= What to produce =
Go to the line in the entries below that holds "Random Number : RandomNumber" and repeat exactly from there through the line that holds "From factor to W/1 -> Demux/1", inclusive.

Source data:

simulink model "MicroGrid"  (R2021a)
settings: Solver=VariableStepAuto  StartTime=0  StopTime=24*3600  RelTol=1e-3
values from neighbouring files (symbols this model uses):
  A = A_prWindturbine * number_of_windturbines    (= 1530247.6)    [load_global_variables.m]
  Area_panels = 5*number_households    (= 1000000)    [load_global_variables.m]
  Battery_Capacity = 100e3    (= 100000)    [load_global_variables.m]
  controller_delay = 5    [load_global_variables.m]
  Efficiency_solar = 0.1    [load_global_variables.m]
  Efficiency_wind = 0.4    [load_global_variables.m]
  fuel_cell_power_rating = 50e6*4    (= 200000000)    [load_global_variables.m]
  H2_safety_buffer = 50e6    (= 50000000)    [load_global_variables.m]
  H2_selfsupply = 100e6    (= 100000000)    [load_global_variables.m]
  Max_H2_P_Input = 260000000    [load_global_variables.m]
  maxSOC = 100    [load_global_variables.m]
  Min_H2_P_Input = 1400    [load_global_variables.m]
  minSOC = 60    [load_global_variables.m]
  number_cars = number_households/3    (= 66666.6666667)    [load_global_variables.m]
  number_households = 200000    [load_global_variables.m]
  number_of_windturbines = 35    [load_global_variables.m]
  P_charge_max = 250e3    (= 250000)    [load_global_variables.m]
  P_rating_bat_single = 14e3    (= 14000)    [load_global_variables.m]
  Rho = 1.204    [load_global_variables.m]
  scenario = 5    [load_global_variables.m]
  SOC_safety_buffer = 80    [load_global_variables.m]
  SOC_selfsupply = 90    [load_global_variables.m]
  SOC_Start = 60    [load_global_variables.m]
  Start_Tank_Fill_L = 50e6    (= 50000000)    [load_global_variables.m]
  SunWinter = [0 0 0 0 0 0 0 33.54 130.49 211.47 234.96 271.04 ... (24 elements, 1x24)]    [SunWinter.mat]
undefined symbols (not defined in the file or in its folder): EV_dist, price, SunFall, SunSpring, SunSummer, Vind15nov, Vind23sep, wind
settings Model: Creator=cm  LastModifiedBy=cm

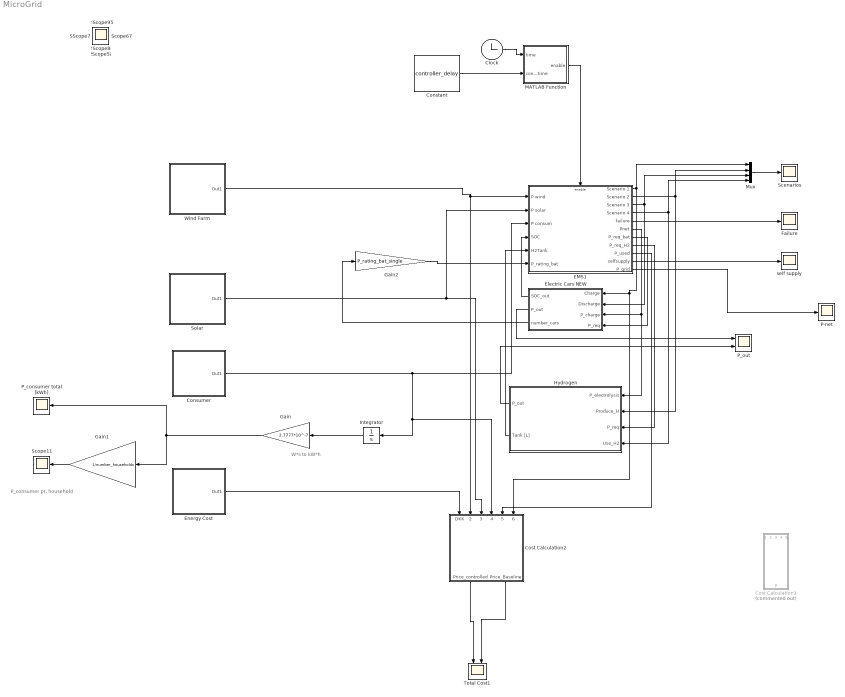
== system MicroGrid ==
  note: W*s to kW*h
  note: P_consumer pr. household
  Clock : Clock
  Constant : Constant  Value=controller_delay
  Consumer : Subsystem
      mask Display: image('C:\Users\cm\OneDrive - Danmarks Tekniske Universitet\Model-Based Systems Eng\05 Models\MBSE-MicroGrid\OurModel\Icons\House.png'); % Use "Edit Image" on toolstrip to change.
  Cost Calculation1 : Subsystem  Commented=on
  Cost Calculation2 : Subsystem
  EMS1 : Subsystem
  Electric Cars NEW : Subsystem
  Energy Cost : Subsystem
      mask Display: image('C:\Users\cm\OneDrive - Danmarks Tekniske Universitet\Model-Based Systems Eng\05 Models\MBSE-MicroGrid\OurModel\Icons\el_cost.png'); % Use "Edit Image" on toolstrip to change.
  Failure : Scope
  Gain : Gain  Gain=2.7777*10^-7
  Gain1 : Gain  Gain=1/number_households
  Gain2 : Gain  Gain=P_rating_bat_single
  Hydrogen : Subsystem
  Integrator : Integrator
  MATLAB Function : MATLAB Function  TreatAsAtomicUnit=on
  Mux : Mux
  P-net : Scope
  P_consumer total [kWh] : Scope
  P_out : Scope  NumInputPorts=2
  Scenarios : Scope
  Scope{,1..17} (18 alike) : Scope
  Solar : Subsystem
      mask Display: image('C:\Users\cm\OneDrive - Danmarks Tekniske Universitet\Model-Based Systems Eng\05 Models\MBSE-MicroGrid\OurModel\Icons\solar.png'); % Use "Edit Image" on toolstrip to change.
  Total Cost1 : Scope  NumInputPorts=2
  Wind Farm : Subsystem
      mask Display: image('C:\Users\cm\OneDrive - Danmarks Tekniske Universitet\Model-Based Systems Eng\05 Models\MBSE-MicroGrid\OurModel\Icons\wind.png'); % Use "Edit Image" on toolstrip to change.
  self supply : Scope
  wires:
  Electric Cars NEW/2(P_out) -> P_out/1
  Solar/1(Out1) -> Cost Calculation2/3(P solar), EMS1/2(P solar)
  EMS1/6(Pnet) -> Hydrogen/1(P_electrolysis), Electric Cars NEW/3(P_charge)
  EMS1/3(Scenario 3) -> Mux/3, Electric Cars NEW/2(Discharge)
  Hydrogen/2(Tank [L]) -> EMS1/5(H2Tank)
  Hydrogen/1(P_out) -> P_out/2
  Wind Farm/1(Out1) -> Cost Calculation2/2(P wind), EMS1/1(P wind)
  Electric Cars NEW/1(SOC_out) -> EMS1/4(SOC)
  Gain1/1 -> Scope11/1
  Gain/1 -> Gain1/1, P_consumer total [kWh]/1
  Energy Cost/1(Out1) -> Cost Calculation2/1(DKK)
  Integrator/1 -> Gain/1
  Cost Calculation2/1(Price_controlled) -> Total Cost1/1
  Consumer/1(Out1) -> EMS1/3(P consum), Cost Calculation2/4(P_consumer), Integrator/1
  Gain2/1 -> EMS1/6(P_rating_bat)
  Electric Cars NEW/3(number_cars) -> Gain2/1
  MATLAB Function/1(enable) -> EMS1/Enable
  Constant/1 -> MATLAB Function/2(controller_time)
  Clock/1 -> MATLAB Function/1(time)
  EMS1/1(Scenario 1) -> Mux/1, Cost Calculation2/6(P_cars), Electric Cars NEW/1(Charge)
  EMS1/2(Scenario 2) -> Mux/2, Hydrogen/2(Produce_H)
  EMS1/4(Scenario 4) -> Mux/4, Hydrogen/4(Use_H2)
  EMS1/5(failure) -> Failure/1
  EMS1/7(P_req_bat) -> Electric Cars NEW/4(P_req)
  EMS1/8(P_req_H2) -> Hydrogen/3(P_req)
  EMS1/10(selfsupply) -> self supply/1
  Cost Calculation2/2(Price_Baseline) -> Total Cost1/2
  EMS1/9(P_used) -> Cost Calculation2/5(P_used)
  EMS1/11(P_grid) -> P-net/1
  Mux/1 -> Scenarios/1

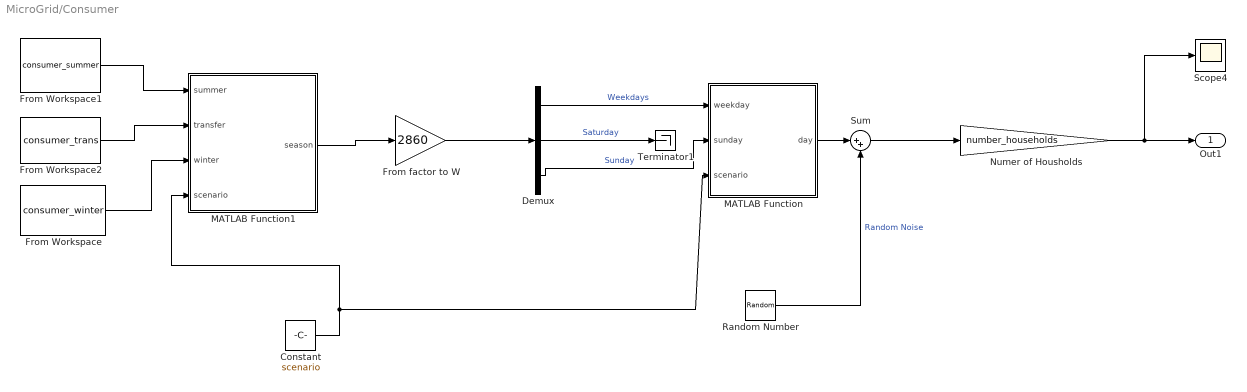
== system MicroGrid/Consumer ==
  Constant : Constant  Value=scenario
  Demux : Demux  Outputs=3
  From Workspace : FromWorkspace  VariableName=consumer_winter  SampleTime=24*60*60/96  Interpolate=off  ZeroCross=off  OutputAfterFinalValue=Cyclic repetition
  From Workspace1 : FromWorkspace  VariableName=consumer_summer  SampleTime=24*60*60/96  Interpolate=off  ZeroCross=off  OutputAfterFinalValue=Cyclic repetition
  From Workspace2 : FromWorkspace  VariableName=consumer_trans  SampleTime=24*60*60/96  Interpolate=off  ZeroCross=off  OutputAfterFinalValue=Cyclic repetition
  From factor to W : Gain  Gain=2860
  MATLAB Function : MATLAB Function  TreatAsAtomicUnit=on
  MATLAB Function1 : MATLAB Function  TreatAsAtomicUnit=on
  Numer of Housholds : Gain  Gain=number_households
  Random Number : RandomNumber  Variance=0.0001  SampleTime=1*60*60
  Scope4 : Scope
  Sum : Sum  Inputs=|++
  Terminator1 : Terminator
  Out1 : Outport
  wires:
  Demux/2 -> Terminator1/1  "Saturday"
  Random Number/1 -> Sum/2  "Random Noise"
  Demux/3 -> MATLAB Function/2(sunday)  "Sunday"
  Sum/1 -> Numer of Housholds/1
  Numer of Housholds/1 -> Out1/1, Scope4/1
  From factor to W/1 -> Demux/1
  From Workspace1/1 -> MATLAB Function1/1(summer)
  From Workspace2/1 -> MATLAB Function1/2(transfer)
  From Workspace/1 -> MATLAB Function1/3(winter)
  MATLAB Function1/1(season) -> From factor to W/1
  MATLAB Function/1(day) -> Sum/1
  Demux/1 -> MATLAB Function/1(weekday)  "Weekdays"
  Constant/1 -> MATLAB Function/3(scenario), MATLAB Function1/4(scenario)

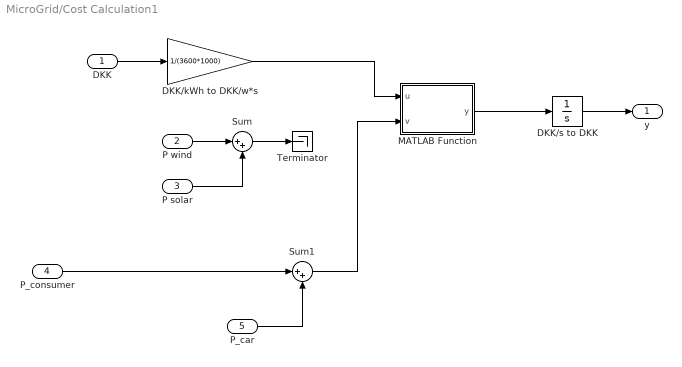
== system MicroGrid/Cost Calculation1 ==
  DKK : Inport
  P wind : Inport  Port=2
  P solar : Inport  Port=3
  P_consumer : Inport  Port=4
  P_car : Inport  Port=5
  DKK/kWh to DKK/w*s : Gain  Gain=1/(3600*1000)
  DKK/s to DKK : Integrator
  MATLAB Function : MATLAB Function  TreatAsAtomicUnit=on
  Sum : Sum  Inputs=|++
  Sum1 : Sum  Inputs=|++
  Terminator : Terminator
  y : Outport
  wires:
  P wind/1 -> Sum/1
  P solar/1 -> Sum/2
  MATLAB Function/1(y) -> DKK/s to DKK/1
  DKK/kWh to DKK/w*s/1 -> MATLAB Function/1(u)
  DKK/1 -> DKK/kWh to DKK/w*s/1
  DKK/s to DKK/1 -> y/1
  Sum/1 -> Terminator/1
  P_consumer/1 -> Sum1/1
  Sum1/1 -> MATLAB Function/2(v)
  P_car/1 -> Sum1/2

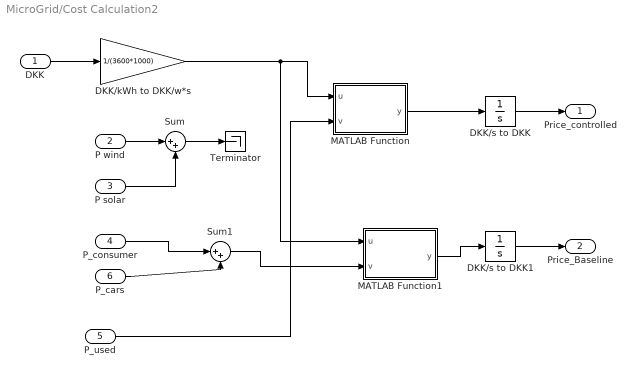
== system MicroGrid/Cost Calculation2 ==
  DKK : Inport
  P wind : Inport  Port=2
  P solar : Inport  Port=3
  P_consumer : Inport  Port=4
  P_used : Inport  Port=5
  P_cars : Inport  Port=6
  DKK/kWh to DKK/w*s : Gain  Gain=1/(3600*1000)
  DKK/s to DKK : Integrator
  DKK/s to DKK1 : Integrator
  MATLAB Function : MATLAB Function  TreatAsAtomicUnit=on
  MATLAB Function1 : MATLAB Function  TreatAsAtomicUnit=on
  Sum : Sum  Inputs=|++
  Sum1 : Sum  Inputs=|++
  Terminator : Terminator
  Price_controlled : Outport
  Price_Baseline : Outport  Port=2
  wires:
  P wind/1 -> Sum/1
  P solar/1 -> Sum/2
  MATLAB Function/1(y) -> DKK/s to DKK/1
  DKK/kWh to DKK/w*s/1 -> MATLAB Function1/1(u), MATLAB Function/1(u)
  DKK/1 -> DKK/kWh to DKK/w*s/1
  DKK/s to DKK/1 -> Price_controlled/1
  Sum/1 -> Terminator/1
  P_used/1 -> MATLAB Function/2(v)
  MATLAB Function1/1(y) -> DKK/s to DKK1/1
  DKK/s to DKK1/1 -> Price_Baseline/1
  P_cars/1 -> Sum1/2
  P_consumer/1 -> Sum1/1
  Sum1/1 -> MATLAB Function1/2(v)

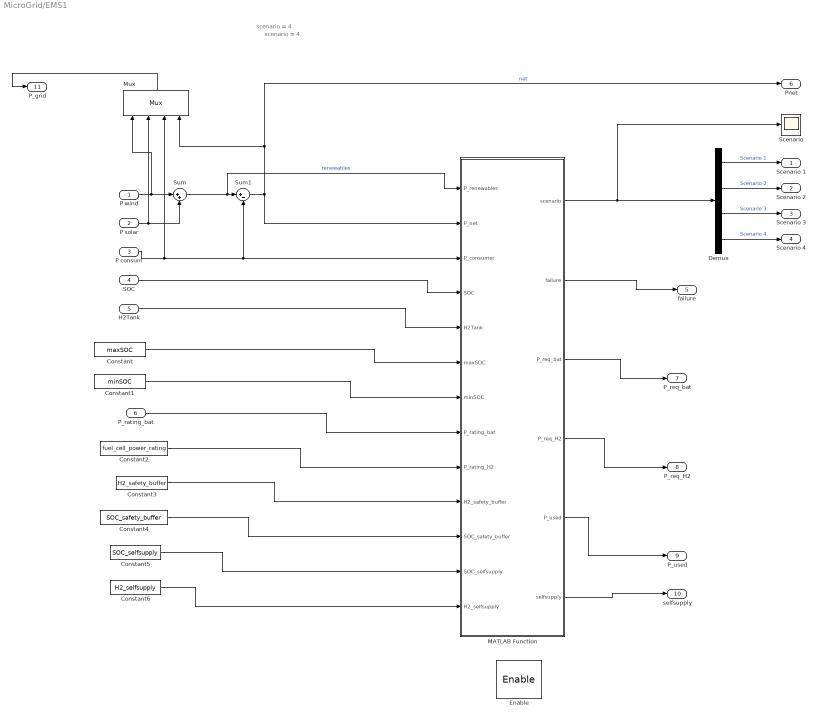
== system MicroGrid/EMS1 ==
  note: scenario = 4
  note: scenario = 4
  P wind : Inport
  P solar : Inport  Port=2
  P consum : Inport  Port=3
  SOC : Inport  Port=4
  H2Tank : Inport  Port=5
  P_rating_bat : Inport  Port=6
  Enable : EnablePort
  Constant : Constant  Value=maxSOC
  Constant1 : Constant  Value=minSOC
  Constant2 : Constant  Value=fuel_cell_power_rating
  Constant3 : Constant  Value=H2_safety_buffer
  Constant4 : Constant  Value=SOC_safety_buffer
  Constant5 : Constant  Value=SOC_selfsupply
  Constant6 : Constant  Value=H2_selfsupply
  Demux : Demux
  MATLAB Function : MATLAB Function  TreatAsAtomicUnit=on
  Mux : Mux
  Scenario : Scope
  Sum : Sum  Inputs=|++
  Sum1 : Sum  Inputs=|+-
  Scenario 1 : Outport
  Scenario 2 : Outport  Port=2
  Scenario 3 : Outport  Port=3
  Scenario 4 : Outport  Port=4
  failure : Outport  Port=5
  Pnet : Outport  Port=6
  P_req_bat : Outport  Port=7
  P_req_H2 : Outport  Port=8
  P_used : Outport  Port=9
  selfsupply : Outport  Port=10
  P_grid : Outport  Port=11
  wires:
  SOC/1 -> MATLAB Function/4(SOC)
  MATLAB Function/1(scenario) -> Scenario/1, Demux/1
  Demux/1 -> Scenario 1/1  "Scenario 1"
  Demux/2 -> Scenario 2/1  "Scenario 2"
  Demux/3 -> Scenario 3/1  "Scenario 3"
  Demux/4 -> Scenario 4/1  "Scenario 4"
  H2Tank/1 -> MATLAB Function/5(H2Tank)
  MATLAB Function/2(failure) -> failure/1
  Constant/1 -> MATLAB Function/6(maxSOC)
  Constant1/1 -> MATLAB Function/7(minSOC)
  MATLAB Function/3(P_req_bat) -> P_req_bat/1
  MATLAB Function/4(P_req_H2) -> P_req_H2/1
  Constant2/1 -> MATLAB Function/9(P_rating_H2)
  P_rating_bat/1 -> MATLAB Function/8(P_rating_bat)
  MATLAB Function/5(P_used) -> P_used/1
  Constant3/1 -> MATLAB Function/10(H2_safety_buffer)
  Constant4/1 -> MATLAB Function/11(SOC_safety_buffer)
  Constant5/1 -> MATLAB Function/12(SOC_selfsupply)
  Constant6/1 -> MATLAB Function/13(H2_selfsupply)
  P wind/1 -> Mux/1, Sum/1
  P solar/1 -> Sum/2, Mux/2
  Sum/1 -> MATLAB Function/1(P_renewables), Sum1/1  "renewables"
  P consum/1 -> Mux/3, Sum1/2, MATLAB Function/3(P_consumer)
  Sum1/1 -> MATLAB Function/2(P_net), Mux/4, Pnet/1  "net"
  MATLAB Function/6(selfsupply) -> selfsupply/1
  Mux/1 -> P_grid/1

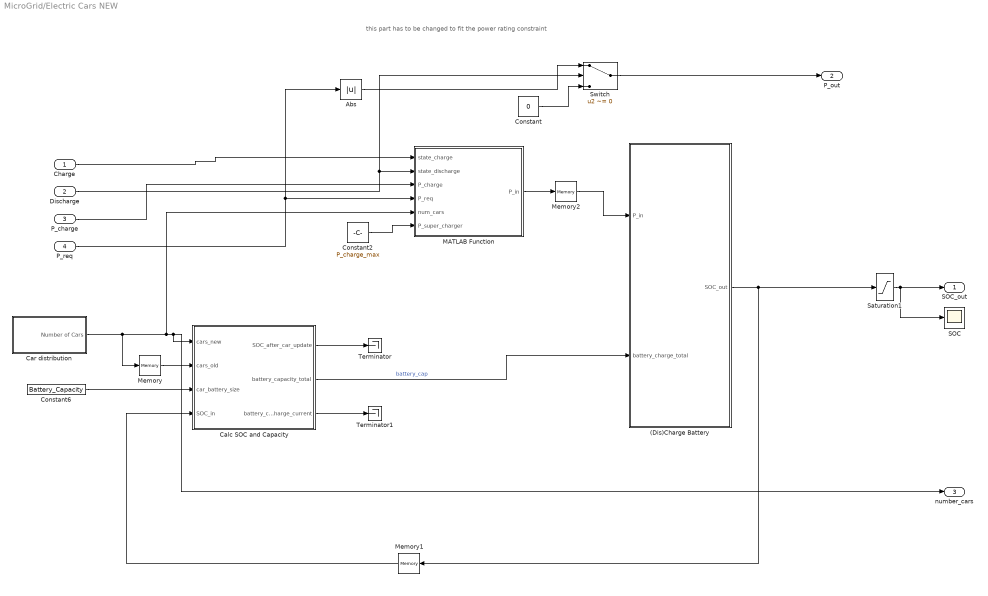
== system MicroGrid/Electric Cars NEW ==
  note: this part has to be changed to fit the power rating constraint
  Charge : Inport
  Discharge : Inport  Port=2
  P_charge : Inport  Port=3
  P_req : Inport  Port=4
  (Dis)Charge Battery : Subsystem
  Abs : Abs
  Calc SOC and Capacity : MATLAB Function  TreatAsAtomicUnit=on
  Car distribution : Subsystem  TreatAsAtomicUnit=on
  Constant : Constant  Value=0
  Constant2 : Constant  Value=P_charge_max
  Constant6 : Constant  Value=Battery_Capacity
  MATLAB Function : MATLAB Function  TreatAsAtomicUnit=on
  Memory : Memory  InitialCondition=EV_dist.signals.values(1) * number_cars
  Memory1 : Memory  InitialCondition=SOC_Start
  Memory2 : Memory
  SOC : Scope
  Saturation1 : Saturate  UpperLimit=100  LowerLimit=0
  Switch : Switch  Criteria=u2 ~= 0
  Terminator : Terminator
  Terminator1 : Terminator
  SOC_out : Outport
  P_out : Outport  Port=2
  number_cars : Outport  Port=3
  wires:
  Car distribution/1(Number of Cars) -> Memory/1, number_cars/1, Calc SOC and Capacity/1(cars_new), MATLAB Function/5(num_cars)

= Solution for this problem =
  Random Number : RandomNumber  Variance=0.0001  SampleTime=1*60*60
  Scope4 : Scope
  Sum : Sum  Inputs=|++
  Terminator1 : Terminator
  Out1 : Outport
  wires:
  Demux/2 -> Terminator1/1  "Saturday"
  Random Number/1 -> Sum/2  "Random Noise"
  Demux/3 -> MATLAB Function/2(sunday)  "Sunday"
  Sum/1 -> Numer of Housholds/1
  Numer of Housholds/1 -> Out1/1, Scope4/1
  From factor to W/1 -> Demux/1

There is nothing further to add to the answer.